Ma sti cazzi del successo del Family Day o no. Il punto per me è puramente ideologico, ovvero: quello che ha detto il tizio è per molti casi VERISSIMO, ed una spiegazione più che razionale. Scrivere quello che hanno scritto quelli del Post per screditare la manifestazione non è un'eccezione fondata ma proprio una cazzata tout-court. Tutto lì.


----------



## Simy (23 Giugno 2015)

Joey Blow ha detto:


> Io sarei uno di quei vescovi che se vendevano le indulgenze, scopavano come ricci, s'arricchivano e facevano una vita moralmente aberrante. Che bello.


----------



## Fantastica (24 Giugno 2015)

spleen ha detto:


> Che poi il vero problema è che sta gente pensa che sia questo il modo di difendere la famiglia.
> Ce ne fosse uno che parla di risorse da destinare, di cose da agevolare e da fare.
> Sembra che l'unica maniera sia lo scontro ideologico.


Bravo:up: Siamo il Paese UE che spende meno nel sociale.


----------



## Nobody (24 Giugno 2015)

Il discorso va letto bene, e poi giudicato. Repubblica riporta l'intervento in maniera oscena. Detto questo, non sono affatto d'accordo con quello che dice questo idiota, perchè a leggerlo si evince che si può vivere degnamente solo se ci si nutre di valori assoluti. O un qualche dio, oppure l'amore eterno verso una donna. Immagino allora che 'sto tipo cataloghi tutti gli atei e gli agnostici tra i potenziali assassini di mogli. 
Il discorso è un altro, se ti trascini  dietro dei problemi gravi non risolti, dio o non dio in certe situazioni estreme della vita puoi perdere la testa e fare del male agli altri.


----------



## free (25 Giugno 2015)

Nobody ha detto:


> Il discorso va letto bene, e poi giudicato. Repubblica riporta l'intervento in maniera oscena. Detto questo, non sono affatto d'accordo con quello che dice questo idiota, perchè a leggerlo si evince che si può vivere degnamente solo se ci si nutre di valori assoluti. O un qualche dio, oppure l'amore eterno verso una donna. Immagino allora che 'sto tipo cataloghi tutti gli atei e gli agnostici tra i potenziali assassini di mogli.
> Il discorso è un altro,* se ti trascini  dietro dei problemi gravi non risolti, dio o non dio in certe situazioni estreme della vita puoi perdere la testa e fare del male agli altri*.

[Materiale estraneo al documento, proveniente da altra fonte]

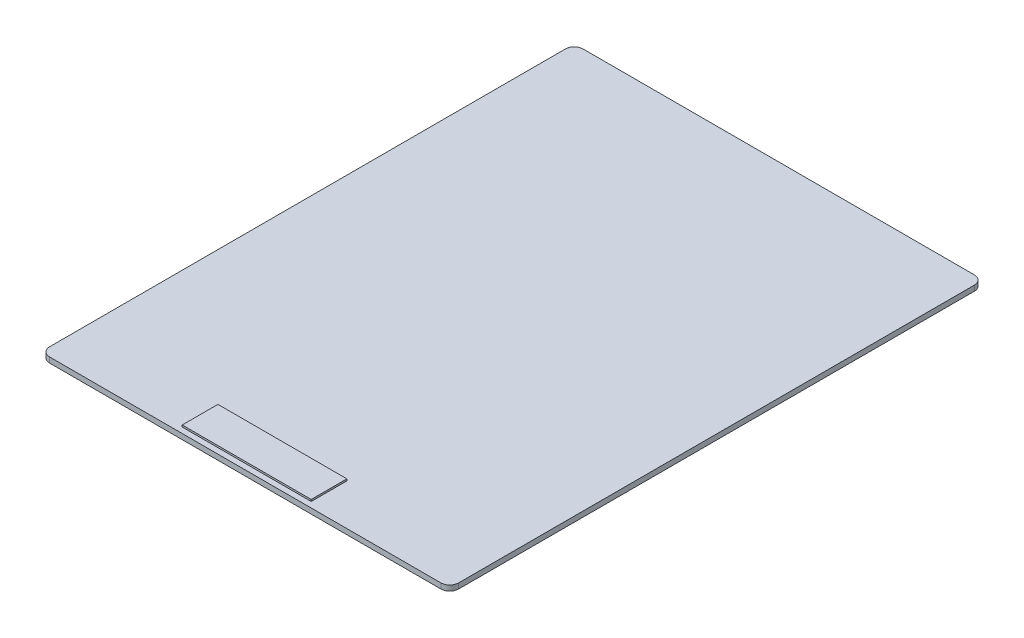
ISO-10303-21;
HEADER;
FILE_DESCRIPTION(('STEP AP214'),'2;1');
FILE_NAME('part.step','',(''),(''),'','','');
FILE_SCHEMA(('AUTOMOTIVE_DESIGN { 1 0 10303 214 1 1 1 1 }'));
ENDSEC;
DATA;
#1=APPLICATION_CONTEXT('core data for automotive mechanical design processes');
#2=APPLICATION_PROTOCOL_DEFINITION('international standard','automotive_design',2000,#1);
#3=PRODUCT_CONTEXT('',#1,'mechanical');
#4=PRODUCT('Part','Part','',(#3));
#5=PRODUCT_RELATED_PRODUCT_CATEGORY('part','',(#4));
#6=PRODUCT_DEFINITION_FORMATION('','',#4);
#7=PRODUCT_DEFINITION_CONTEXT('part definition',#1,'design');
#8=PRODUCT_DEFINITION('design','',#6,#7);
#9=PRODUCT_DEFINITION_SHAPE('','',#8);
#10=(LENGTH_UNIT() NAMED_UNIT(*) SI_UNIT(.MILLI.,.METRE.));
#11=(NAMED_UNIT(*) PLANE_ANGLE_UNIT() SI_UNIT($,.RADIAN.));
#12=(NAMED_UNIT(*) SI_UNIT($,.STERADIAN.) SOLID_ANGLE_UNIT());
#13=UNCERTAINTY_MEASURE_WITH_UNIT(LENGTH_MEASURE(1.E-05),#10,'distance_accuracy_value','');
#14=(GEOMETRIC_REPRESENTATION_CONTEXT(3) GLOBAL_UNCERTAINTY_ASSIGNED_CONTEXT((#13)) GLOBAL_UNIT_ASSIGNED_CONTEXT((#10,
#11,#12)) REPRESENTATION_CONTEXT('',''));
#15=CARTESIAN_POINT('',(0.,0.,0.));
#16=DIRECTION('',(0.,0.,1.));
#17=DIRECTION('',(1.,0.,0.));
#18=AXIS2_PLACEMENT_3D('',#15,#16,#17);
#19=CARTESIAN_POINT('',(0.,3.,0.));
#20=DIRECTION('',(0.,1.,0.));
#21=DIRECTION('',(0.,0.,1.));
#22=AXIS2_PLACEMENT_3D('',#19,#20,#21);
#23=PLANE('',#22);
#24=DIRECTION('',(1.,0.,0.));
#25=VECTOR('',#24,1.);
#26=CARTESIAN_POINT('',(554.297793406558,3.,-674.401400972109));
#27=LINE('',#26,#25);
#28=CARTESIAN_POINT('',(329.297793406558,3.,-674.401400972109));
#29=VERTEX_POINT('',#28);
#30=CARTESIAN_POINT('',(549.297793406558,3.,-674.401400972109));
#31=VERTEX_POINT('',#30);
#32=EDGE_CURVE('E167',#29,#31,#27,.T.);
#33=ORIENTED_EDGE('',*,*,#32,.T.);
#34=CARTESIAN_POINT('',(549.297793406558,3.,-679.401400972109));
#35=DIRECTION('',(0.,1.,0.));
#36=DIRECTION('',(0.,0.,1.));
#37=AXIS2_PLACEMENT_3D('',#34,#35,#36);
#38=CIRCLE('',#37,5.);
#39=CARTESIAN_POINT('',(554.297793406558,3.,-679.401400972109));
#40=VERTEX_POINT('',#39);
#41=EDGE_CURVE('E200',#31,#40,#38,.T.);
#42=ORIENTED_EDGE('',*,*,#41,.T.);
#43=DIRECTION('',(0.,0.,-1.));
#44=VECTOR('',#43,1.);
#45=CARTESIAN_POINT('',(554.297793406558,3.,-674.401400972109));
#46=LINE('',#45,#44);
#47=CARTESIAN_POINT('',(554.297793406558,3.,-969.401400972109));
#48=VERTEX_POINT('',#47);
#49=EDGE_CURVE('E158',#40,#48,#46,.T.);
#50=ORIENTED_EDGE('',*,*,#49,.T.);
#51=CARTESIAN_POINT('',(549.297793406558,3.,-969.401400972109));
#52=DIRECTION('',(0.,1.,0.));
#53=DIRECTION('',(0.,0.,1.));
#54=AXIS2_PLACEMENT_3D('',#51,#52,#53);
#55=CIRCLE('',#54,5.);
#56=CARTESIAN_POINT('',(549.297793406558,3.,-974.401400972109));
#57=VERTEX_POINT('',#56);
#58=EDGE_CURVE('E194',#48,#57,#55,.T.);
#59=ORIENTED_EDGE('',*,*,#58,.T.);
#60=DIRECTION('',(-1.,0.,0.));
#61=VECTOR('',#60,1.);
#62=CARTESIAN_POINT('',(554.297793406558,3.,-974.401400972109));
#63=LINE('',#62,#61);
#64=CARTESIAN_POINT('',(329.297793406558,3.,-974.401400972109));
#65=VERTEX_POINT('',#64);
#66=EDGE_CURVE('E161',#57,#65,#63,.T.);
#67=ORIENTED_EDGE('',*,*,#66,.T.);
#68=CARTESIAN_POINT('',(329.297793406558,3.,-969.401400972109));
#69=DIRECTION('',(0.,1.,0.));
#70=DIRECTION('',(0.,0.,1.));
#71=AXIS2_PLACEMENT_3D('',#68,#69,#70);
#72=CIRCLE('',#71,5.);
#73=CARTESIAN_POINT('',(324.297793406558,3.,-969.401400972109));
#74=VERTEX_POINT('',#73);
#75=EDGE_CURVE('E196',#65,#74,#72,.T.);
#76=ORIENTED_EDGE('',*,*,#75,.T.);
#77=DIRECTION('',(0.,0.,1.));
#78=VECTOR('',#77,1.);
#79=CARTESIAN_POINT('',(324.297793406558,3.,-674.401400972109));
#80=LINE('',#79,#78);
#81=CARTESIAN_POINT('',(324.297793406558,3.,-679.401400972109));
#82=VERTEX_POINT('',#81);
#83=EDGE_CURVE('E165',#74,#82,#80,.T.);
#84=ORIENTED_EDGE('',*,*,#83,.T.);
#85=CARTESIAN_POINT('',(329.297793406558,3.,-679.401400972109));
#86=DIRECTION('',(0.,1.,0.));
#87=DIRECTION('',(0.,0.,1.));
#88=AXIS2_PLACEMENT_3D('',#85,#86,#87);
#89=CIRCLE('',#88,5.);
#90=EDGE_CURVE('E198',#82,#29,#89,.T.);
#91=ORIENTED_EDGE('',*,*,#90,.T.);
#92=EDGE_LOOP('',(#33,#42,#50,#59,#67,#76,#84,#91));
#93=FACE_BOUND('',#92,.T.);
#94=DIRECTION('',(-1.,0.,0.));
#95=VECTOR('',#94,1.);
#96=CARTESIAN_POINT('',(473.214610510016,3.,-697.632220963118));
#97=LINE('',#96,#95);
#98=CARTESIAN_POINT('',(473.214610510016,3.,-697.632220963118));
#99=VERTEX_POINT('',#98);
#100=CARTESIAN_POINT('',(400.684460149899,3.,-697.632220963118));
#101=VERTEX_POINT('',#100);
#102=EDGE_CURVE('E336',#99,#101,#97,.T.);
#103=ORIENTED_EDGE('',*,*,#102,.F.);
#104=DIRECTION('',(0.,0.,-1.));
#105=VECTOR('',#104,1.);
#106=CARTESIAN_POINT('',(473.214610510016,3.,-677.558602325591));
#107=LINE('',#106,#105);
#108=CARTESIAN_POINT('',(473.214610510016,3.,-677.558602325591));
#109=VERTEX_POINT('',#108);
#110=EDGE_CURVE('E148',#109,#99,#107,.T.);
#111=ORIENTED_EDGE('',*,*,#110,.F.);
#112=DIRECTION('',(1.,0.,0.));
#113=VECTOR('',#112,1.);
#114=CARTESIAN_POINT('',(473.214610510016,3.,-677.558602325591));
#115=LINE('',#114,#113);
#116=CARTESIAN_POINT('',(400.684460149899,3.,-677.558602325591));
#117=VERTEX_POINT('',#116);
#118=EDGE_CURVE('E144',#117,#109,#115,.T.);
#119=ORIENTED_EDGE('',*,*,#118,.F.);
#120=DIRECTION('',(0.,0.,1.));
#121=VECTOR('',#120,1.);
#122=CARTESIAN_POINT('',(400.684460149899,3.,-677.558602325591));
#123=LINE('',#122,#121);
#124=EDGE_CURVE('E333',#101,#117,#123,.T.);
#125=ORIENTED_EDGE('',*,*,#124,.F.);
#126=EDGE_LOOP('',(#103,#111,#119,#125));
#127=FACE_BOUND('',#126,.T.);
#128=ADVANCED_FACE('F35',(#93,#127),#23,.T.);
#129=CARTESIAN_POINT('',(554.297793406558,3.,-674.401400972109));
#130=DIRECTION('',(-1.,0.,0.));
#131=DIRECTION('',(0.,0.,1.));
#132=AXIS2_PLACEMENT_3D('',#129,#130,#131);
#133=PLANE('',#132);
#134=ORIENTED_EDGE('',*,*,#49,.F.);
#135=DIRECTION('',(0.,-1.,0.));
#136=VECTOR('',#135,1.);
#137=CARTESIAN_POINT('',(554.297793406558,3.,-679.401400972109));
#138=LINE('',#137,#136);
#139=CARTESIAN_POINT('',(554.297793406558,0.,-679.401400972109));
#140=VERTEX_POINT('',#139);
#141=EDGE_CURVE('E178',#40,#140,#138,.T.);
#142=ORIENTED_EDGE('',*,*,#141,.T.);
#143=DIRECTION('',(0.,0.,-1.));
#144=VECTOR('',#143,1.);
#145=CARTESIAN_POINT('',(554.297793406558,0.,-674.401400972109));
#146=LINE('',#145,#144);
#147=CARTESIAN_POINT('',(554.297793406558,0.,-969.401400972109));
#148=VERTEX_POINT('',#147);
#149=EDGE_CURVE('E150',#140,#148,#146,.T.);
#150=ORIENTED_EDGE('',*,*,#149,.T.);
#151=DIRECTION('',(0.,-1.,0.));
#152=VECTOR('',#151,1.);
#153=CARTESIAN_POINT('',(554.297793406558,3.,-969.401400972109));
#154=LINE('',#153,#152);
#155=EDGE_CURVE('E169',#148,#48,#154,.F.);
#156=ORIENTED_EDGE('',*,*,#155,.T.);
#157=EDGE_LOOP('',(#134,#142,#150,#156));
#158=FACE_BOUND('',#157,.T.);
#159=ADVANCED_FACE('F240',(#158),#133,.F.);
#160=CARTESIAN_POINT('',(554.297793406558,3.,-974.401400972109));
#161=DIRECTION('',(0.,0.,1.));
#162=DIRECTION('',(1.,0.,0.));
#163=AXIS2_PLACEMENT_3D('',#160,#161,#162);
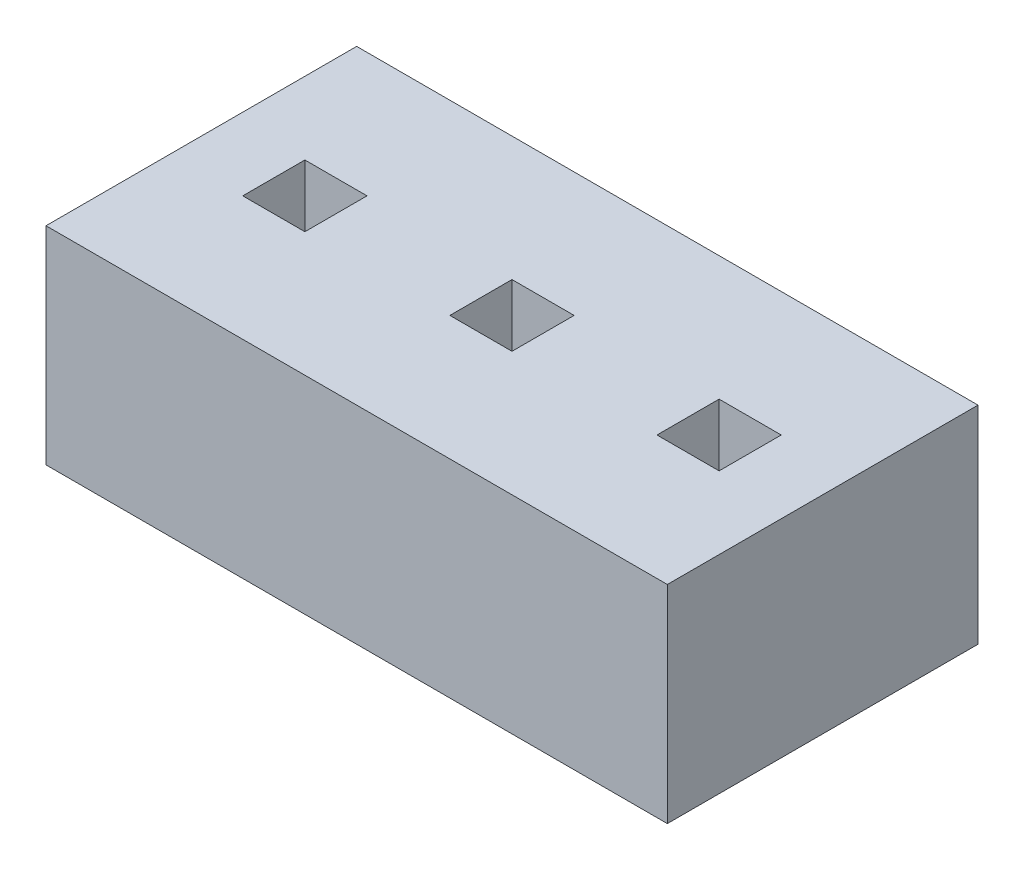
ISO-10303-21;
HEADER;
FILE_DESCRIPTION(('STEP AP214'),'2;1');
FILE_NAME('part.step','',(''),(''),'','','');
FILE_SCHEMA(('AUTOMOTIVE_DESIGN { 1 0 10303 214 1 1 1 1 }'));
ENDSEC;
DATA;
#1=APPLICATION_CONTEXT('core data for automotive mechanical design processes');
#2=APPLICATION_PROTOCOL_DEFINITION('international standard','automotive_design',2000,#1);
#3=PRODUCT_CONTEXT('',#1,'mechanical');
#4=PRODUCT('Part','Part','',(#3));
#5=PRODUCT_RELATED_PRODUCT_CATEGORY('part','',(#4));
#6=PRODUCT_DEFINITION_FORMATION('','',#4);
#7=PRODUCT_DEFINITION_CONTEXT('part definition',#1,'design');
#8=PRODUCT_DEFINITION('design','',#6,#7);
#9=PRODUCT_DEFINITION_SHAPE('','',#8);
#10=(LENGTH_UNIT() NAMED_UNIT(*) SI_UNIT(.MILLI.,.METRE.));
#11=(NAMED_UNIT(*) PLANE_ANGLE_UNIT() SI_UNIT($,.RADIAN.));
#12=(NAMED_UNIT(*) SI_UNIT($,.STERADIAN.) SOLID_ANGLE_UNIT());
#13=UNCERTAINTY_MEASURE_WITH_UNIT(LENGTH_MEASURE(1.E-05),#10,'distance_accuracy_value','');
#14=(GEOMETRIC_REPRESENTATION_CONTEXT(3) GLOBAL_UNCERTAINTY_ASSIGNED_CONTEXT((#13)) GLOBAL_UNIT_ASSIGNED_CONTEXT((#10,
#11,#12)) REPRESENTATION_CONTEXT('',''));
#15=CARTESIAN_POINT('',(0.,0.,0.));
#16=DIRECTION('',(0.,0.,1.));
#17=DIRECTION('',(1.,0.,0.));
#18=AXIS2_PLACEMENT_3D('',#15,#16,#17);
#19=CARTESIAN_POINT('',(0.,1.,0.));
#20=DIRECTION('',(1.,0.,0.));
#21=DIRECTION('',(0.,0.,-1.));
#22=AXIS2_PLACEMENT_3D('',#19,#20,#21);
#23=PLANE('',#22);
#24=DIRECTION('',(0.,0.,1.));
#25=VECTOR('',#24,1.);
#26=CARTESIAN_POINT('',(0.,0.,0.));
#27=LINE('',#26,#25);
#28=CARTESIAN_POINT('',(0.,0.,0.));
#29=VERTEX_POINT('',#28);
#30=CARTESIAN_POINT('',(0.,0.,1.5));
#31=VERTEX_POINT('',#30);
#32=EDGE_CURVE('E11',#29,#31,#27,.T.);
#33=ORIENTED_EDGE('',*,*,#32,.T.);
#34=DIRECTION('',(0.,-1.,0.));
#35=VECTOR('',#34,1.);
#36=CARTESIAN_POINT('',(0.,1.,1.5));
#37=LINE('',#36,#35);
#38=CARTESIAN_POINT('',(0.,1.,1.5));
#39=VERTEX_POINT('',#38);
#40=EDGE_CURVE('E25',#39,#31,#37,.T.);
#41=ORIENTED_EDGE('',*,*,#40,.F.);
#42=DIRECTION('',(0.,0.,1.));
#43=VECTOR('',#42,1.);
#44=CARTESIAN_POINT('',(0.,1.,0.));
#45=LINE('',#44,#43);
#46=CARTESIAN_POINT('',(0.,1.,0.));
#47=VERTEX_POINT('',#46);
#48=EDGE_CURVE('E309',#47,#39,#45,.T.);
#49=ORIENTED_EDGE('',*,*,#48,.F.);
#50=DIRECTION('',(0.,-1.,0.));
#51=VECTOR('',#50,1.);
#52=CARTESIAN_POINT('',(0.,1.,0.));
#53=LINE('',#52,#51);
#54=EDGE_CURVE('E305',#47,#29,#53,.T.);
#55=ORIENTED_EDGE('',*,*,#54,.T.);
#56=EDGE_LOOP('',(#33,#41,#49,#55));
#57=FACE_BOUND('',#56,.T.);
#58=ADVANCED_FACE('F17',(#57),#23,.F.);
#59=CARTESIAN_POINT('',(3.,1.,0.));
#60=DIRECTION('',(0.,0.,1.));
#61=DIRECTION('',(1.,0.,0.));
#62=AXIS2_PLACEMENT_3D('',#59,#60,#61);
#63=PLANE('',#62);
#64=DIRECTION('',(-1.,0.,0.));
#65=VECTOR('',#64,1.);
#66=CARTESIAN_POINT('',(3.,0.,0.));
#67=LINE('',#66,#65);
#68=CARTESIAN_POINT('',(3.,0.,0.));
#69=VERTEX_POINT('',#68);
#70=EDGE_CURVE('E300',#69,#29,#67,.T.);
#71=ORIENTED_EDGE('',*,*,#70,.T.);
#72=ORIENTED_EDGE('',*,*,#54,.F.);
#73=DIRECTION('',(-1.,0.,0.));
#74=VECTOR('',#73,1.);
#75=CARTESIAN_POINT('',(3.,1.,0.));
#76=LINE('',#75,#74);
#77=CARTESIAN_POINT('',(3.,1.,0.));
#78=VERTEX_POINT('',#77);
#79=EDGE_CURVE('E295',#78,#47,#76,.T.);
#80=ORIENTED_EDGE('',*,*,#79,.F.);
#81=DIRECTION('',(0.,-1.,0.));
#82=VECTOR('',#81,1.);
#83=CARTESIAN_POINT('',(3.,1.,0.));
#84=LINE('',#83,#82);
#85=EDGE_CURVE('E291',#78,#69,#84,.T.);
#86=ORIENTED_EDGE('',*,*,#85,.T.);
#87=EDGE_LOOP('',(#71,#72,#80,#86));
#88=FACE_BOUND('',#87,.T.);
#89=ADVANCED_FACE('F327',(#88),#63,.F.);
#90=CARTESIAN_POINT('',(3.,1.,1.5));
#91=DIRECTION('',(-1.,0.,0.));
#92=DIRECTION('',(0.,0.,1.));
#93=AXIS2_PLACEMENT_3D('',#90,#91,#92);
#94=PLANE('',#93);
#95=DIRECTION('',(0.,0.,-1.));
#96=VECTOR('',#95,1.);
#97=CARTESIAN_POINT('',(3.,0.,1.5));
#98=LINE('',#97,#96);
#99=CARTESIAN_POINT('',(3.,0.,1.5));
#100=VERTEX_POINT('',#99);
#101=EDGE_CURVE('E286',#100,#69,#98,.T.);
#102=ORIENTED_EDGE('',*,*,#101,.T.);
#103=ORIENTED_EDGE('',*,*,#85,.F.);
#104=DIRECTION('',(0.,0.,-1.));
#105=VECTOR('',#104,1.);
#106=CARTESIAN_POINT('',(3.,1.,1.5));
#107=LINE('',#106,#105);
#108=CARTESIAN_POINT('',(3.,1.,1.5));
#109=VERTEX_POINT('',#108);
#110=EDGE_CURVE('E281',#109,#78,#107,.T.);
#111=ORIENTED_EDGE('',*,*,#110,.F.);
#112=DIRECTION('',(0.,-1.,0.));
#113=VECTOR('',#112,1.);
#114=CARTESIAN_POINT('',(3.,1.,1.5));
#115=LINE('',#114,#113);
#116=EDGE_CURVE('E277',#109,#100,#115,.T.);
#117=ORIENTED_EDGE('',*,*,#116,.T.);
#118=EDGE_LOOP('',(#102,#103,#111,#117));
#119=FACE_BOUND('',#118,.T.);
#120=ADVANCED_FACE('F331',(#119),#94,.F.);
#121=CARTESIAN_POINT('',(0.,1.,1.5));
#122=DIRECTION('',(0.,0.,-1.));
#123=DIRECTION('',(-1.,0.,0.));
#124=AXIS2_PLACEMENT_3D('',#121,#122,#123);
#125=PLANE('',#124);
#126=DIRECTION('',(1.,0.,0.));
#127=VECTOR('',#126,1.);
#128=CARTESIAN_POINT('',(0.,0.,1.5));
#129=LINE('',#128,#127);
#130=EDGE_CURVE('E272',#31,#100,#129,.T.);
#131=ORIENTED_EDGE('',*,*,#130,.T.);
#132=ORIENTED_EDGE('',*,*,#116,.F.);
#133=DIRECTION('',(1.,0.,0.));
#134=VECTOR('',#133,1.);
#135=CARTESIAN_POINT('',(0.,1.,1.5));
#136=LINE('',#135,#134);
#137=EDGE_CURVE('E267',#39,#109,#136,.T.);
#138=ORIENTED_EDGE('',*,*,#137,.F.);
#139=ORIENTED_EDGE('',*,*,#40,.T.);
#140=EDGE_LOOP('',(#131,#132,#138,#139));
#141=FACE_BOUND('',#140,.T.);
#142=ADVANCED_FACE('F319',(#141),#125,.F.);
#143=CARTESIAN_POINT('',(0.,1.,0.));
#144=DIRECTION('',(0.,1.,0.));
#145=DIRECTION('',(0.,0.,1.));
#146=AXIS2_PLACEMENT_3D('',#143,#144,#145);
#147=PLANE('',#146);
#148=DIRECTION('',(0.,0.,1.));
#149=VECTOR('',#148,1.);
#150=CARTESIAN_POINT('',(0.35,1.,0.6));
#151=LINE('',#150,#149);
#152=CARTESIAN_POINT('',(0.35,1.,0.6));
#153=VERTEX_POINT('',#152);
#154=CARTESIAN_POINT('',(0.35,1.,0.9));
#155=VERTEX_POINT('',#154);
#156=EDGE_CURVE('E262',#153,#155,#151,.T.);
#157=ORIENTED_EDGE('',*,*,#156,.F.);
#158=DIRECTION('',(-1.,0.,0.));
#159=VECTOR('',#158,1.);
#160=CARTESIAN_POINT('',(0.65,1.,0.6));
#161=LINE('',#160,#159);
#162=CARTESIAN_POINT('',(0.65,1.,0.6));
#163=VERTEX_POINT('',#162);
#164=EDGE_CURVE('E257',#163,#153,#161,.T.);
#165=ORIENTED_EDGE('',*,*,#164,.F.);
#166=DIRECTION('',(0.,0.,-1.));
#167=VECTOR('',#166,1.);
#168=CARTESIAN_POINT('',(0.65,1.,0.9));
#169=LINE('',#168,#167);
#170=CARTESIAN_POINT('',(0.65,1.,0.9));
#171=VERTEX_POINT('',#170);
#172=EDGE_CURVE('E252',#171,#163,#169,.T.);
#173=ORIENTED_EDGE('',*,*,#172,.F.);
#174=DIRECTION('',(1.,0.,0.));
#175=VECTOR('',#174,1.);
#176=CARTESIAN_POINT('',(0.35,1.,0.9));
#177=LINE('',#176,#175);
#178=EDGE_CURVE('E247',#155,#171,#177,.T.);
#179=ORIENTED_EDGE('',*,*,#178,.F.);
#180=EDGE_LOOP('',(#157,#165,#173,#179));
#181=FACE_BOUND('',#180,.T.);
#182=DIRECTION('',(0.,0.,1.));
#183=VECTOR('',#182,1.);
#184=CARTESIAN_POINT('',(1.35,1.,0.6));
#185=LINE('',#184,#183);
#186=CARTESIAN_POINT('',(1.35,1.,0.6));
#187=VERTEX_POINT('',#186);
#188=CARTESIAN_POINT('',(1.35,1.,0.9));
#189=VERTEX_POINT('',#188);
#190=EDGE_CURVE('E243',#187,#189,#185,.T.);
#191=ORIENTED_EDGE('',*,*,#190,.F.);
#192=DIRECTION('',(-1.,0.,0.));
#193=VECTOR('',#192,1.);
#194=CARTESIAN_POINT('',(1.65,1.,0.6));
#195=LINE('',#194,#193);
#196=CARTESIAN_POINT('',(1.65,1.,0.6));
#197=VERTEX_POINT('',#196);
#198=EDGE_CURVE('E143',#197,#187,#195,.T.);
#199=ORIENTED_EDGE('',*,*,#198,.F.);
#200=DIRECTION('',(0.,0.,-1.));
#201=VECTOR('',#200,1.);
#202=CARTESIAN_POINT('',(1.65,1.,0.9));
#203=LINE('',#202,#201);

ma anche a se stessi...non capisco perchè il tizio parli di disperazione estrema ed escluda il "caro" vecchio suicidio
intendo dire che non mi sembra così automatico disperarsi fino a perdere la testa, e quindi ammazzare gli altri


----------



## Daniele34 (25 Giugno 2015)

perplesso ha detto:


> in realtà il tema di fondo è che i neocatacumeni vorrebbero abolire la legge sul divorzio.   e ripristinare l'articolo del CPI sul delitto d'onore.
> 
> l'estratto dell'intervento è stato fatto per gettare fango su tutta la manifestazione in oggetto.
> 
> ...


a parer mio l'80% della gente presente neanche ha capito cosa stava dicendo... un poco per come parla, un poco per la folla, un poco per l'effetto acustico... 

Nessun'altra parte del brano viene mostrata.